# Diy planaria & flatworm traps



## Subtletanks91 (May 29, 2013)

What's everyone idea on this??? Share your traps w/ pictures and success or fail stories! I myself have a flatworm problem, though there not lethal to shrimp. There annoying the living day lights out of me!! Haha:angryfire


----------



## Dolfan (Apr 8, 2005)

Here's a link to another thread where ppl were showing their ideas for traps...

http://www.plantedtank.net/forums/showthread.php?t=338898

The OP idea seems very cheap to make, just get a small portion cup and lid from a restaurant, what they serve togo salsa or other sauces in.
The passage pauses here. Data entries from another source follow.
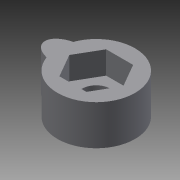
# Autodesk Inventor part: cam4.0
Saved by Autodesk Inventor 2014 (Build 180170000, 170)
## iProperties
Created: 2014-02-14
Part Number: cam4.0
Material: Generic
Document SubType Name: Modeling
Designer: stephen
Density: 1 g/cm^3
Appearance: Default
Author: stephen
Autodesk Inventor part; units mm, degrees
ref_plane "YZ Plane" through (0, 0, 0) normal (1, 0, 0) x (0, 1, 0)
ref_plane "XZ Plane" through (0, 0, 0) normal (0, 1, 0) x (-1, 0, 0)
ref_plane "XY Plane" through (0, 0, 0) normal (0, 0, 1) x (1, 0, 0)
sketch "Sketch1" plane through (0, 0, 0) normal (0, 0, 1) x (1, 0, 0)
  line L0 (-2.5, 0) -> (-9, 0)
  ellipse E0 centre (-4.792, 0) end of major axis (-9, 0) minor radius 2.5316 (-6.3785, 2.3447) -> (-6.3785, -2.3447) ccw
  arc A0 (-6.3785, -2.3447) -> (-6.3785, 2.3447) centre (0, 0) ccw
  line L1 (-6.3785, 2.3447) -> (-6.225, 2.482)
  circle A1 centre (0, 0) radius 2.5
  dimension "d2" = 6.5
  dimension "d4" = 5
  constraints: 4 end point, 2 centre point, 2 point on circle, 1 coincident, 1 horizontal, 5 other
  measures "d2" distance of L0.start L0.end
  measures "d4" diameter of A1
extrude "Extrusion1" add sketch "Sketch1" along normal blind 7
sketch "Sketch2" plane through (0, 0, 7) normal (0, 0, 1) x (1, 0, 0)
  circle A0 centre (0, 0) radius 2.5 projected
  arc A1 (-6.3785, -2.3447) -> (-6.3785, 2.3447) centre (0, 0) ccw projected
  line L0 (4.7343, 0) -> (2.3671, -4.1)
  line L1 (2.3671, -4.1) -> (-2.3671, -4.1)
  line L2 (-2.3671, -4.1) -> (-4.7343, 0)
  line L3 (-4.7343, 0) -> (-2.3671, 4.1)
  line L4 (-2.3671, 4.1) -> (2.3671, 4.1)
  line L5 (2.3671, 4.1) -> (4.7343, 0)
  dimension "d7" = 8.2
  constraints: 12 end point, 1 coincident, 13 other
  measures "d7" distance between parallel lines of L1 L4
extrude "Extrusion2" cut sketch "Sketch2" against normal blind 4
body "Solid1"

Post 17 & 20 had pics but I can't see them now for some reason. Basically one used a glass test tube that you would take a blood sample with(I guess he works in the medical field) and the other used an API test tube for testing your water. They cut a small hole in the top and stuck in a short length of airline tubing. 

Steathlypotatoes, the poster of #20, had extra to sell for cheap if you want to give him a shout. I was going to purchase a couple, then decided to use the "Safeguard" dewormer method. Good luck.


----------



## Subtletanks91 (May 29, 2013)

Yeah I seen those, but I don't have an extra test tube, I actually broke two of the four I had lol. And the cup idea just didn't look as effective


----------



## beginragnarok (Dec 19, 2011)

How on Earth did you break your test tubes!?!? I have accidently slammed them into the sink while getting rinse water out and nat a scatch.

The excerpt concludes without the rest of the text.